**WORK TO BE COMPLETED:**
In the entries that follow, which lines hold the string "operation"? List them.

**AVAILABLE RECORDS:**

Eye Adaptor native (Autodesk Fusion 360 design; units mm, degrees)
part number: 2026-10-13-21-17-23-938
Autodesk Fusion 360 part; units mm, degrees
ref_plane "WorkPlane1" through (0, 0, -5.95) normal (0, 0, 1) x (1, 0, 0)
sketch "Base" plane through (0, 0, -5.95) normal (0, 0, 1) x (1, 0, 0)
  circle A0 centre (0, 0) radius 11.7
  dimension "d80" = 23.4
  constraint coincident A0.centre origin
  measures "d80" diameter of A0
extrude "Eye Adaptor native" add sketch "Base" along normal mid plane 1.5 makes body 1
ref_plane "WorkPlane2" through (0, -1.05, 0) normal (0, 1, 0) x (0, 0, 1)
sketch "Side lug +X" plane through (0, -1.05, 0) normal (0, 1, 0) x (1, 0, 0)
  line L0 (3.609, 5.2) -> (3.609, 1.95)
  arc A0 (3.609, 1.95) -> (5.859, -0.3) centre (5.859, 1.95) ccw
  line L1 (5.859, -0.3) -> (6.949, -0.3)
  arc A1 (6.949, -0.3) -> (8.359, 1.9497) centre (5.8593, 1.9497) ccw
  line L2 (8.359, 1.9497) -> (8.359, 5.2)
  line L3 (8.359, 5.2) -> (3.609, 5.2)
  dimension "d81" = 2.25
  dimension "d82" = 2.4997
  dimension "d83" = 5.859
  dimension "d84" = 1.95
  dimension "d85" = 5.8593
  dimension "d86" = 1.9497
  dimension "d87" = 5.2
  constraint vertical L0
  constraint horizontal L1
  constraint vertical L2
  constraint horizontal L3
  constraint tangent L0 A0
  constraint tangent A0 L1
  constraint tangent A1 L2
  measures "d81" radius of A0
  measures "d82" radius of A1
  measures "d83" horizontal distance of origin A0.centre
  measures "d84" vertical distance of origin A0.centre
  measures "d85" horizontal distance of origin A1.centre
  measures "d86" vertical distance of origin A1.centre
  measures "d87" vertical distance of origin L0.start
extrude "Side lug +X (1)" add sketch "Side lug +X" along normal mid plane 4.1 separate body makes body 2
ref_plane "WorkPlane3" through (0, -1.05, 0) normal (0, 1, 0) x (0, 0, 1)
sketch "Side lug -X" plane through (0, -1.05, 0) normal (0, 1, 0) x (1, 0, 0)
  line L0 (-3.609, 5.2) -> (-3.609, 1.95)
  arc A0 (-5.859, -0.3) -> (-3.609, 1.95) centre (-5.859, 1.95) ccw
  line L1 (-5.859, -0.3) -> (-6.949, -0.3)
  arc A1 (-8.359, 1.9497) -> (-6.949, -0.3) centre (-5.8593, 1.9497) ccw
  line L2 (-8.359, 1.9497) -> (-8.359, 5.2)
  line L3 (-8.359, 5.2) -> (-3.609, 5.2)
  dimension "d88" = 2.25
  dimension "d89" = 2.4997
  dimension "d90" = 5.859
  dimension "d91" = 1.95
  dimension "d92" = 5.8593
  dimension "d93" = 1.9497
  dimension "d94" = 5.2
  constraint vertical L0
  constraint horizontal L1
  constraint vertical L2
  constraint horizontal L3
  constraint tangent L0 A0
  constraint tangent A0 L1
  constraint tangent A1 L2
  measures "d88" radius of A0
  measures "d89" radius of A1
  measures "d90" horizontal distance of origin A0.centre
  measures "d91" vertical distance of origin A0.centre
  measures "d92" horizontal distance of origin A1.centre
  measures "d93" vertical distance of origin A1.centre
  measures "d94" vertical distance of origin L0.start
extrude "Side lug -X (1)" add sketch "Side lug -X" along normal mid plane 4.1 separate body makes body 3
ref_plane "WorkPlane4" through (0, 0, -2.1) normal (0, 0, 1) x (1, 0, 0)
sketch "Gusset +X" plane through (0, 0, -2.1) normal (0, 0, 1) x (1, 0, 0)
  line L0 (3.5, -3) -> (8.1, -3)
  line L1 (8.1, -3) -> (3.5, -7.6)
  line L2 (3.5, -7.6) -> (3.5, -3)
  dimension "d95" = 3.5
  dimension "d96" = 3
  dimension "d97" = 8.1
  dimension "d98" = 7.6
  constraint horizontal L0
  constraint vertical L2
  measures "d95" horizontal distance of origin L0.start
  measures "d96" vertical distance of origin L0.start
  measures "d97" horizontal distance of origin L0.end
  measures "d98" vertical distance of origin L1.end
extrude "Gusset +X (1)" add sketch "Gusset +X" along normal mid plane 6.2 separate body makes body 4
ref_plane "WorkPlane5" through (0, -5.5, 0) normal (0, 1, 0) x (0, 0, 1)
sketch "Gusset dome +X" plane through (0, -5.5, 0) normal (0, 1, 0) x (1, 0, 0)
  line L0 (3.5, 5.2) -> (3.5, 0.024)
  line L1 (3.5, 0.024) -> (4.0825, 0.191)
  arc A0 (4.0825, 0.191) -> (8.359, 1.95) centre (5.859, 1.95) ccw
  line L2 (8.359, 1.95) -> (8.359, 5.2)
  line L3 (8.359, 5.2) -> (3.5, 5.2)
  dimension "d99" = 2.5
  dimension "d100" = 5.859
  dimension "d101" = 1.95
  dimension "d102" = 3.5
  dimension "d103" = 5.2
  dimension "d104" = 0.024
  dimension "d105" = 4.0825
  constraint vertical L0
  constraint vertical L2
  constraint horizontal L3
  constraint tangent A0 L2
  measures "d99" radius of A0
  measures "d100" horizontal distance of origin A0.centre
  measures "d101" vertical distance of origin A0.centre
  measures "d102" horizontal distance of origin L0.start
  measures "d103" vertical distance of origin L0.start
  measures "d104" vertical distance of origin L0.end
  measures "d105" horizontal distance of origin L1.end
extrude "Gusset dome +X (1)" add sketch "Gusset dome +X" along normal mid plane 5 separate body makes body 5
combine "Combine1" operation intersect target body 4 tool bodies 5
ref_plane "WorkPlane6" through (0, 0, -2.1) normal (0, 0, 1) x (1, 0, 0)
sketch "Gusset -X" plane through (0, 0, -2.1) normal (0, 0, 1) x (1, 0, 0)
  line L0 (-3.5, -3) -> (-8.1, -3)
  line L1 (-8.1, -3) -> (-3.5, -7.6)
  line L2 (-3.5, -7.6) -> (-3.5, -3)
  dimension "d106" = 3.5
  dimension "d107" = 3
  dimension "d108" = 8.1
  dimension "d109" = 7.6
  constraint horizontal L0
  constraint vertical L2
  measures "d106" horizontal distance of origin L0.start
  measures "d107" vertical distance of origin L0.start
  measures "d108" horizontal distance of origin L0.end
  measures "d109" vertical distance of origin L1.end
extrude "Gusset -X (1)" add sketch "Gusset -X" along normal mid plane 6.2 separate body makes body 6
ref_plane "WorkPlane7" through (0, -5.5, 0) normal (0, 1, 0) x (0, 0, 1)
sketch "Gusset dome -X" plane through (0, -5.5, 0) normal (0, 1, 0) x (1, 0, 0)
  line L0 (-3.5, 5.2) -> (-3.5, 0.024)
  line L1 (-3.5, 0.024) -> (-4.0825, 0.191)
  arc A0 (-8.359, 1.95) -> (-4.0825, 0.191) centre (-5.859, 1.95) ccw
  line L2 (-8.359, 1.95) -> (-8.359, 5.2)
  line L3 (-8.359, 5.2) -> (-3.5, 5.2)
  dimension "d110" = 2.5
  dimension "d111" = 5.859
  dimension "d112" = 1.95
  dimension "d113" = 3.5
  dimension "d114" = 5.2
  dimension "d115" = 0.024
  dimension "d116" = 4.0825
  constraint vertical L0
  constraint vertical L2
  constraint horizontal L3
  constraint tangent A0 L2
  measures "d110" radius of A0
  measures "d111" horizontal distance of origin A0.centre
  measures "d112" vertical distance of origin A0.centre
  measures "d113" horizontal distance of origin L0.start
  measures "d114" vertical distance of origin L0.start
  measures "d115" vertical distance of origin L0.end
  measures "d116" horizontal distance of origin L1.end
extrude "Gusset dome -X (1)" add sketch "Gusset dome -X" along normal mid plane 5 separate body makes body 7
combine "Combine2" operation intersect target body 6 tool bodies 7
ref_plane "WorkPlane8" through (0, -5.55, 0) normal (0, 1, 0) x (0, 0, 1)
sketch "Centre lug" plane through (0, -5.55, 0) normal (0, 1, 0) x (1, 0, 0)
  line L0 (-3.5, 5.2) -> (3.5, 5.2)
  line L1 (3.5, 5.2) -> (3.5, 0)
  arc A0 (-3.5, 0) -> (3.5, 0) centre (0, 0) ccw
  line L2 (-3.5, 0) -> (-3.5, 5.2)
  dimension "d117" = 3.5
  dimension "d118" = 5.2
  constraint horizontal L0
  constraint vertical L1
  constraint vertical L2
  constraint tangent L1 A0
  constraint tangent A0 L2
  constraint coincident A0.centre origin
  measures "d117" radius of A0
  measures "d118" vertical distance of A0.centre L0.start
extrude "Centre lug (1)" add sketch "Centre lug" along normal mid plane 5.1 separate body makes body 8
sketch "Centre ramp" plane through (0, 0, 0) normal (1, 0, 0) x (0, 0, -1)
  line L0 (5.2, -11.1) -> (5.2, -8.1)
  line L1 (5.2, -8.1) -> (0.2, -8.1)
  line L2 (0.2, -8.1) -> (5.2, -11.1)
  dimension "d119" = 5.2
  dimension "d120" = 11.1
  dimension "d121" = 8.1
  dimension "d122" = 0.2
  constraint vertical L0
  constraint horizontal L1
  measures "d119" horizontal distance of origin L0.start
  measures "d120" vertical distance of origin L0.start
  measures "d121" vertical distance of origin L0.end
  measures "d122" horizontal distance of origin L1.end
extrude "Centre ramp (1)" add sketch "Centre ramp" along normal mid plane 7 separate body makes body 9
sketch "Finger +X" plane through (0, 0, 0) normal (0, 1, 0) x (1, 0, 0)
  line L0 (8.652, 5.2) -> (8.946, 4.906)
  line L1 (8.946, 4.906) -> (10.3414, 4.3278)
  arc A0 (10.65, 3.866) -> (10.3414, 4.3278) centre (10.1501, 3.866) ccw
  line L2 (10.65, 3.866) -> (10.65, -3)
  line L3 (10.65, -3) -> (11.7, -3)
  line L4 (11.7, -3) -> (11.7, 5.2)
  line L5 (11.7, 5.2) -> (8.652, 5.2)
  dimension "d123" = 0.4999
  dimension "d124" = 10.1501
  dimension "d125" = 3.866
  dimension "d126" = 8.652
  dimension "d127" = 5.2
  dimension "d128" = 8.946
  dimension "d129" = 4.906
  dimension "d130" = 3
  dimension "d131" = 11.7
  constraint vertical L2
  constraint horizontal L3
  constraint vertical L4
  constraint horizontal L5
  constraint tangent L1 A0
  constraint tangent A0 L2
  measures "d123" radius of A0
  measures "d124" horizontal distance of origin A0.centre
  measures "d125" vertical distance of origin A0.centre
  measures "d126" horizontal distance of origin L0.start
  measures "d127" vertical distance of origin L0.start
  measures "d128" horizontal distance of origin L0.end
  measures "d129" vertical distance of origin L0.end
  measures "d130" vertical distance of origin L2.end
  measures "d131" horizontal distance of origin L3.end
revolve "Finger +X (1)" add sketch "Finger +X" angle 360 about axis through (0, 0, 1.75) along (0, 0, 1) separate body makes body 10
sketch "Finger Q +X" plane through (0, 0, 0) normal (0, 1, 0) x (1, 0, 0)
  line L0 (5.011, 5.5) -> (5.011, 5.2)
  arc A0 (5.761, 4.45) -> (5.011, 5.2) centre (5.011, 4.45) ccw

**ANSWER BELOW:**
combine "Combine1" operation intersect target body 4 tool bodies 5
combine "Combine2" operation intersect target body 6 tool bodies 7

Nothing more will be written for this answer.